* _Study material_:
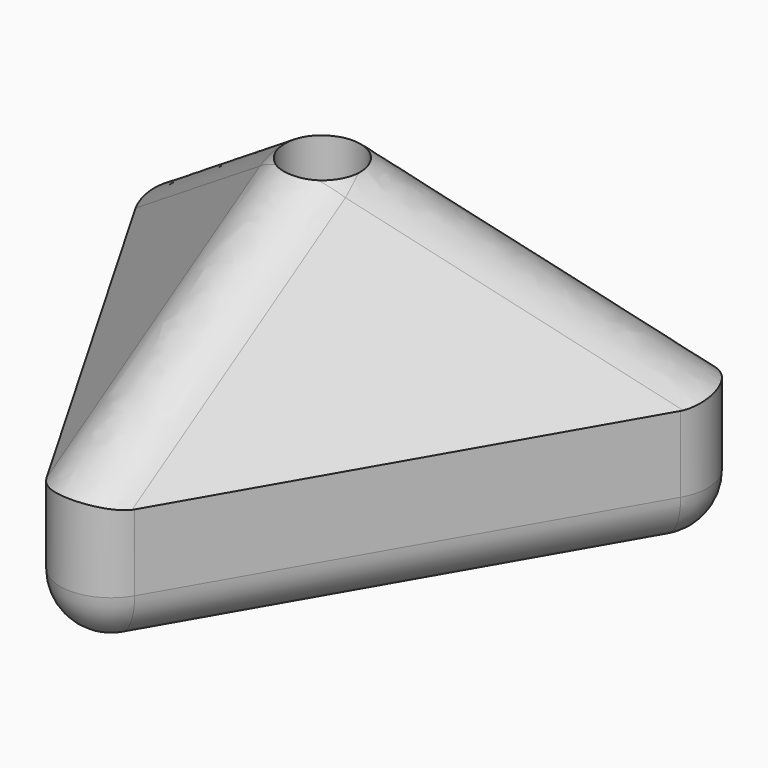
from build123d import *

# Parameters (mm, degrees)
F4_R          = 5
F9_DEPTH      = 10
F10_T1_DEPTH  = 23.3205080757
F10_T3_DEPTH  = 36.1435935394
F10_T5_DEPTH  = 36.1435935394
F10_T7_DEPTH  = 36.1435935394
F10_T12_DEPTH = 4
F10_T18_DEPTH = 4
F10_T24_DEPTH = 4
F6_R          = 2.7
F11_DEPTH     = 8
F8_R          = 3
F12_DEPTH     = 25
F13_R         = 2.5


# Not quite as in the source:
# - a fillet or chamfer that OpenCascade refuses, or shapes differently, is made with other operations: its cross-section is extruded or revolved along the edge and cut away or added


with BuildPart() as f3:
    # F0 (on Top) → F3 section 0
    with BuildSketch(Plane.XY, mode=Mode.PRIVATE) as f3_s0:
        Polygon((25, 14.4337567297), (-25, 14.4337567297), (0, -28.8675134595), align=None)
    loft([f3_s0.sketch, Vertex(0, 0, 18)])

    # F4
    f4_edges = [f3.edges().sort_by_distance(p)[0] for p in [
        (12.5, 7.216878, 9),
        (0, -14.433757, 9),
        (-12.5, 7.216878, 9),
    ]]
    fillet(f4_edges, radius=F4_R)

    # F0 (on Top) → F9 (join)
    with BuildSketch(Plane.XY):
        Polygon((25, 14.4337567297), (-25, 14.4337567297), (0, -28.8675134595), align=None)
    extrude(amount=-F9_DEPTH)

    # F10: fillet of radius 4 on 6 edges, made by hand

    # F10_s2 → F10_t1 (cut)
    with BuildSketch(Plane.XY.offset(-6)):
        with BuildLine():
            ThreePointArc((21.5358983849, 8.4337567297), (21.5358983849, 12.4337567297), (18.0717967697, 14.4337567297))
            Line((18.0717967697, 14.4337567297), (25, 14.4337567297))
            Line((25, 14.4337567297), (21.5358983849, 8.4337567297))
        make_face()
        with BuildLine():
            ThreePointArc((-21.5358983849, 8.4337567297), (-21.5358983849, 12.4337567297), (-18.0717967697, 14.4337567297))
            Line((-18.0717967697, 14.4337567297), (-25, 14.4337567297))
            Line((-25, 14.4337567297), (-21.5358983849, 8.4337567297))
        make_face()
        with BuildLine():
            ThreePointArc((3.4641016151, -22.8675134595), (0, -24.8675134595), (-3.4641016151, -22.8675134595))
            Line((-3.4641016151, -22.8675134595), (0, -28.8675134595))
            Line((0, -28.8675134595), (3.4641016151, -22.8675134595))
        make_face()
    extrude(amount=F10_T1_DEPTH, mode=Mode.SUBTRACT)

    # F10_s4 → F10_t3 (cut)
    with BuildSketch(Plane.YZ.offset(-18.0717967697)):
        with BuildLine():
            ThreePointArc((14.4337567297, -6), (13.2621838545, -8.8284271247), (10.4337567297, -10))
            Line((10.4337567297, -10), (14.4337567297, -10))
            Line((14.4337567297, -10), (14.4337567297, -6))
        make_face()
    extrude(amount=F10_T3_DEPTH, mode=Mode.SUBTRACT)

    # F10_s6 → F10_t5 (cut)
    with BuildSketch(Plane(origin=(-9.0358983849, 15.6506350946, 0), x_dir=(0, 0, 1), z_dir=(0.5, -0.8660254038, 0))):
        with BuildLine():
            ThreePointArc((-6, 14.4337567297), (-8.8284271247, 13.2621838545), (-10, 10.4337567297))
            Line((-10, 10.4337567297), (-10, 14.4337567297))
            Line((-10, 14.4337567297), (-6, 14.4337567297))
        make_face()
    extrude(amount=F10_T5_DEPTH, mode=Mode.SUBTRACT)

    # F10_s8 → F10_t7 (cut)
    with BuildSketch(Plane(origin=(-9.0358983849, -15.6506350946, 0), x_dir=(0, 0, 1), z_dir=(0.5, 0.8660254038, 0))):
        with BuildLine():
            ThreePointArc((-6, 14.4337567297), (-8.8284271247, 13.2621838545), (-10, 10.4337567297))
            Line((-10, 10.4337567297), (-10, 14.4337567297))
            Line((-10, 14.4337567297), (-6, 14.4337567297))
        make_face()
    extrude(amount=F10_T7_DEPTH, mode=Mode.SUBTRACT)


with BuildPart() as f10_tool10:
    # F10_s11 → F10_t12 (new body)
    with BuildSketch(Plane.XY.offset(-6)):
        Polygon((18.0717967697, 10.4337567297), (21.5358983849, 8.4337567297), (25, 14.4337567297), (18.0717967697, 14.4337567297), align=None)
    extrude(amount=-F10_T12_DEPTH)

    # F10_s13 → F10_t14 (revolve, cut)
    with BuildSketch(Plane(origin=(18.0717967697, 10.4337567297, -6), x_dir=(-0.8660254038, -0.5, 0), z_dir=(0.5, -0.8660254038, 0))):
        with BuildLine():
            ThreePointArc((0, -4), (4, 0), (0, 4))
            Line((0, 4), (0, -4))
        make_face()
    revolve(axis=Axis((18.0717967697, 10.4337567297, -6), (0, 0, -1)), mode=Mode.SUBTRACT)


with BuildPart() as f3_1:
    add(f3.part)

    # F10_t9: cut F10_tool10
    add(f10_tool10.part, mode=Mode.SUBTRACT)


with BuildPart() as f10_tool16:
    # F10_s17 → F10_t18 (new body)
    with BuildSketch(Plane.XY.offset(-6)):
        Polygon((-18.0717967697, 10.4337567297), (-21.5358983849, 8.4337567297), (-25, 14.4337567297), (-18.0717967697, 14.4337567297), align=None)
    extrude(amount=-F10_T18_DEPTH)

    # F10_s19 → F10_t20 (revolve, cut)
    with BuildSketch(Plane(origin=(-18.0717967697, 10.4337567297, -6), x_dir=(0.8660254038, -0.5, 0), z_dir=(0.5, 0.8660254038, 0))):
        with BuildLine():
            ThreePointArc((0, -4), (4, 0), (0, 4))
            Line((0, 4), (0, -4))
        make_face()
    revolve(axis=Axis((-18.0717967697, 10.4337567297, -6), (0, 0, -1)), mode=Mode.SUBTRACT)


with BuildPart() as f3_2:
    add(f3_1.part)

    # F10_t15: cut F10_tool16
    add(f10_tool16.part, mode=Mode.SUBTRACT)


with BuildPart() as f10_tool22:
    # F10_s23 → F10_t24 (new body)
    with BuildSketch(Plane.XY.offset(-6)):
        Polygon((0, -20.8675134595), (3.4641016151, -22.8675134595), (0, -28.8675134595), (-3.4641016151, -22.8675134595), align=None)
    extrude(amount=-F10_T24_DEPTH)

    # F10_s25 → F10_t26 (revolve, cut)
    with BuildSketch(Plane(origin=(0, -20.8675134595, -6), x_dir=(0, 1, 0), z_dir=(-1, 0, 0))):
        with BuildLine():
            ThreePointArc((0, -4), (4, 0), (0, 4))
            Line((0, 4), (0, -4))
        make_face()
    revolve(axis=Axis((0, -20.8675134595, -6), (0, 0, -1)), mode=Mode.SUBTRACT)


with BuildPart() as f3_3:
    add(f3_2.part)

    # F10_t21: cut F10_tool22
    add(f10_tool22.part, mode=Mode.SUBTRACT)

    # F6 (on offset) → F11 (cut)
    with BuildSketch(Plane.XY.offset(-9)):
        Circle(F6_R)
    extrude(amount=F11_DEPTH, mode=Mode.SUBTRACT)

    # F8 (on offset) → F12 (cut)
    with BuildSketch(Plane.XY.offset(-1)):
        Circle(F8_R)
    extrude(amount=F12_DEPTH, mode=Mode.SUBTRACT)

    # F13
    f13_edges = [f3_3.edges().sort_by_distance(p)[0] for p in [
        (-2.7, 0, -9),
    ]]
    fillet(f13_edges, radius=F13_R)


solid = f3_3.part
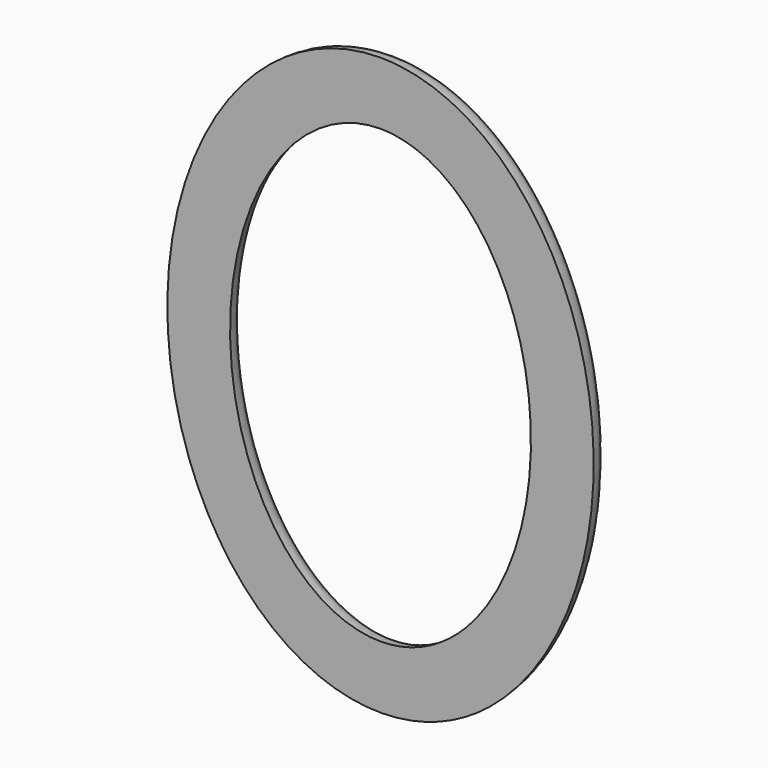
from build123d import *

# Parameters (mm, degrees)
F1_DEPTH = 25.4
F2_R     = 25.399
F3_R     = 25.399


# Not quite as in the source:
# - a fillet or chamfer is up to 0.001 mm smaller than in the source, because OpenCascade refuses the exact size


with BuildPart() as f1:
    # F0 (on Front) → F1 (new body)
    with BuildSketch(Plane.XZ):
        with BuildLine():
            add(Edge.make_bspline(
                [(0, 292.1), (-373.9497693541, 292.1), (-186.9748846771, -146.05), (0, -584.2), (186.9748846771, -146.05), (373.9497693541, 292.1), (0, 292.1)],
                knots=[0, 0, 0, 2.0943951024, 2.0943951024, 4.1887902048, 4.1887902048, 6.2831853072, 6.2831853072, 6.2831853072], degree=2, weights=[1, 0.5, 1, 0.5, 1, 0.5, 1]))
        make_face()
        with BuildLine():
            add(Edge.make_bspline(
                [(0, 228.6), (-263.9645430735, 228.6), (-131.9822715367, -114.3), (0, -457.2), (131.9822715367, -114.3), (263.9645430735, 228.6), (0, 228.6)],
                knots=[0, 0, 0, 2.0943951024, 2.0943951024, 4.1887902048, 4.1887902048, 6.2831853072, 6.2831853072, 6.2831853072], degree=2, weights=[1, 0.5, 1, 0.5, 1, 0.5, 1]))
        make_face(mode=Mode.SUBTRACT)
    extrude(amount=-F1_DEPTH)

    # F2 (radius 25.4 in the source; OpenCascade refuses exactly that, so slightly less here)
    f2_edges = [f1.edges().sort_by_distance(p)[0] for p in [
        (0, 25.4, -228.6),
    ]]
    fillet(f2_edges, radius=F2_R)

    # F3 (radius 25.4 in the source; OpenCascade refuses exactly that, so slightly less here)
    f3_edges = [f1.edges().sort_by_distance(p)[0] for p in [
        (0, 25.4, -292.1),
    ]]
    fillet(f3_edges, radius=F3_R)


solid = f1.part
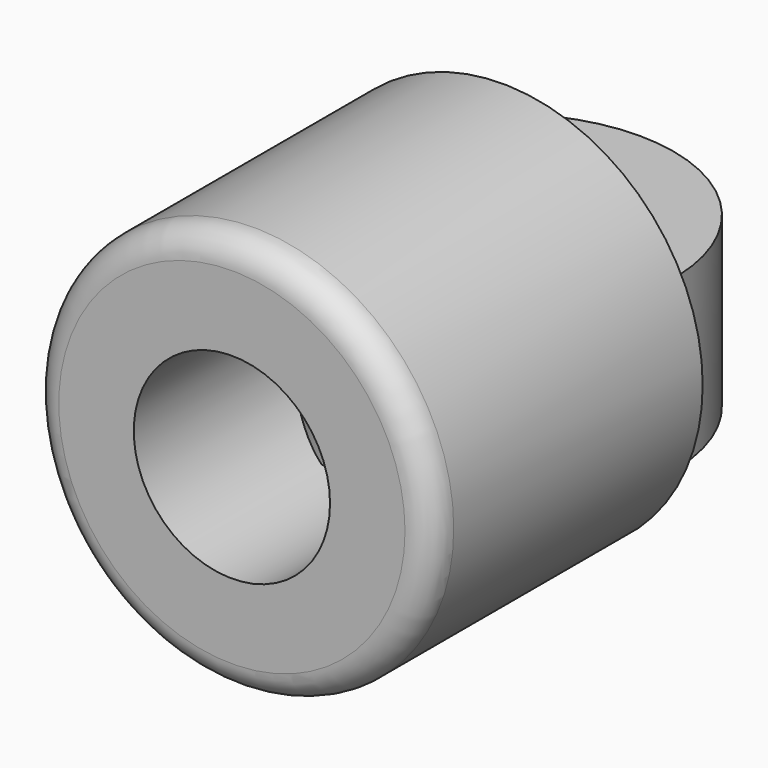
from build123d import *

# Parameters (mm, degrees)
F0_R         = 150.3237387913
F0_R_2       = 73.6926609148
F1_DEPTH     = 254
F2_R         = 20.32
F3_R         = 112.9256404591
F3_R_2       = 87.0757104376
F4_DEPTH     = 25.4
F5_R         = 128.6901964601
F6_DEPTH     = 63.5
F7_T4_DEPTH  = 60.7095224794
F7_S5_R      = 128.6901964601
F7_T6_DEPTH  = 32
F7_T10_DEPTH = 60.7095224794
F7_S11_R     = 128.6901964601
F7_T12_DEPTH = 32
F7_T16_DEPTH = 60.7095224794
F7_S17_R     = 128.6901964601
F7_T18_DEPTH = 32
F7_T22_DEPTH = 60.7095224794
F7_S23_R     = 128.6901964601
F7_T24_DEPTH = 32


# Not quite as in the source:
# - a fillet or chamfer that OpenCascade refuses, or shapes differently, is made with other operations: its cross-section is extruded or revolved along the edge and cut away or added


with BuildPart() as f1:
    # F0 (on Front) → F1 (new body)
    with BuildSketch(Plane.XZ):
        Circle(F0_R)
        Circle(F0_R_2, mode=Mode.SUBTRACT)
    extrude(amount=F1_DEPTH)

    # F2
    f2_edges = [f1.edges().sort_by_distance(p)[0] for p in [
        (-150.323739, -254, 0),
    ]]
    fillet(f2_edges, radius=F2_R)

    # F3 (on face) → F4 (join)
    with BuildSketch(Plane(origin=(0, 0, 0), x_dir=(-1, 0, 0), z_dir=(0, 1, 0))):
        Circle(F3_R)
        Circle(F3_R_2, mode=Mode.SUBTRACT)
    extrude(amount=F4_DEPTH)

    # F5 (on Top) → F6 (join, symmetric)
    with BuildSketch(Plane.XY):
        Circle(F5_R)
    extrude(amount=F6_DEPTH, both=True)

    # F7: fillet of radius 5.08 on 4 edges, made by hand


with BuildPart() as f7_tool2:
    # F7_s3 → F7_t4 (new body)
    with BuildSketch(Plane.YZ.offset(-80.6806739807)):
        with BuildLine():
            ThreePointArc((0, -68.58), (1.4878975516, -64.9878975516), (5.08, -63.5))
            Line((5.08, -63.5), (0, -63.5))
            Line((0, -63.5), (0, -68.58))
        make_face()
    extrude(amount=-F7_T4_DEPTH)

    # F7_s5 → F7_t6 (intersect, symmetric)
    with BuildSketch(Plane.XY.offset(-66)):
        Circle(F7_S5_R)
    extrude(amount=F7_T6_DEPTH, both=True, mode=Mode.INTERSECT)


with BuildPart() as f1_1:
    add(f1.part)

    # F7_t1: union F7_tool2
    add(f7_tool2.part)


with BuildPart() as f7_tool8:
    # F7_s9 → F7_t10 (new body)
    with BuildSketch(Plane.YZ.offset(141.3901964601)):
        with BuildLine():
            ThreePointArc((0, -68.58), (1.4878975516, -64.9878975516), (5.08, -63.5))
            Line((5.08, -63.5), (0, -63.5))
            Line((0, -63.5), (0, -68.58))
        make_face()
    extrude(amount=-F7_T10_DEPTH)

    # F7_s11 → F7_t12 (intersect, symmetric)
    with BuildSketch(Plane.XY.offset(-66)):
        Circle(F7_S11_R)
    extrude(amount=F7_T12_DEPTH, both=True, mode=Mode.INTERSECT)


with BuildPart() as f1_2:
    add(f1_1.part)

    # F7_t7: union F7_tool8
    add(f7_tool8.part)


with BuildPart() as f7_tool14:
    # F7_s15 → F7_t16 (new body)
    with BuildSketch(Plane.YZ.offset(-80.6806739807)):
        with BuildLine():
            ThreePointArc((0, 68.58), (1.4878975516, 64.9878975516), (5.08, 63.5))
            Line((5.08, 63.5), (0, 63.5))
            Line((0, 63.5), (0, 68.58))
        make_face()
    extrude(amount=-F7_T16_DEPTH)

    # F7_s17 → F7_t18 (intersect, symmetric)
    with BuildSketch(Plane.XY.offset(66)):
        Circle(F7_S17_R)
    extrude(amount=F7_T18_DEPTH, both=True, mode=Mode.INTERSECT)


with BuildPart() as f1_3:
    add(f1_2.part)

    # F7_t13: union F7_tool14
    add(f7_tool14.part)


with BuildPart() as f7_tool20:
    # F7_s21 → F7_t22 (new body)
    with BuildSketch(Plane.YZ.offset(141.3901964601)):
        with BuildLine():
            ThreePointArc((0, 68.58), (1.4878975516, 64.9878975516), (5.08, 63.5))
            Line((5.08, 63.5), (0, 63.5))
            Line((0, 63.5), (0, 68.58))
        make_face()
    extrude(amount=-F7_T22_DEPTH)

    # F7_s23 → F7_t24 (intersect, symmetric)
    with BuildSketch(Plane.XY.offset(66)):
        Circle(F7_S23_R)
    extrude(amount=F7_T24_DEPTH, both=True, mode=Mode.INTERSECT)


with BuildPart() as f1_4:
    add(f1_3.part)

    # F7_t19: union F7_tool20
    add(f7_tool20.part)


solid = f1_4.part

* _Task statement_:
For the records above, how many lines contain the word "that"? Reply with the number only.

* _Output_:
4